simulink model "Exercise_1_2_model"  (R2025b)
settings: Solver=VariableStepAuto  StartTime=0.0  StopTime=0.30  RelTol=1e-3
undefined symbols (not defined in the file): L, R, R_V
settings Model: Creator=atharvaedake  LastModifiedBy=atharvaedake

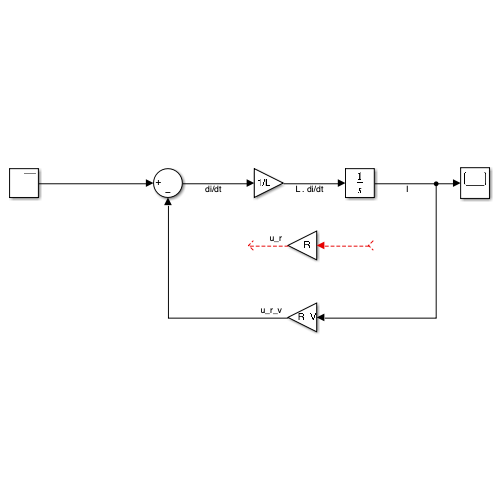
[thumbnail: Simulink's stored preview of the top-level diagram]
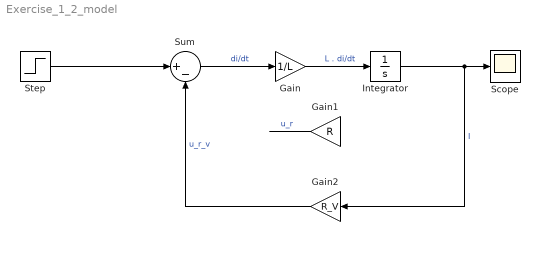
== system Exercise_1_2_model ==
  Gain : Gain  Gain=1/L
  Gain1 : Gain  Gain=R
  Gain2 : Gain  Gain=R_V
  Integrator : Integrator
  Scope : Scope
      settings: ActiveDisplayYMinimum=-2.6086880723680235  ActiveDisplayYMaximum=3.8808844205474466
  Step : Step  Time=0.1  After=10  SampleTime=0
  Sum : Sum  Inputs=|+-
  wires:
  Step/1 -> Sum/1
  Sum/1 -> Gain/1  "di/dt"
  Gain/1 -> Integrator/1  "L . di/dt"
  Integrator/1 -> Gain2/1, Scope/1  "I"
  Gain2/1 -> Sum/2  "u_r_v"
  Gain1/1 -> ?  "u_r"
  ? -> Gain1/1

_____

- _Task_
Search the entries for the word "settings" and gather every line where it appears.

- _Exercise answer_
settings: Solver=VariableStepAuto  StartTime=0.0  StopTime=0.30  RelTol=1e-3
settings Model: Creator=atharvaedake  LastModifiedBy=atharvaedake
      settings: ActiveDisplayYMinimum=-2.6086880723680235  ActiveDisplayYMaximum=3.8808844205474466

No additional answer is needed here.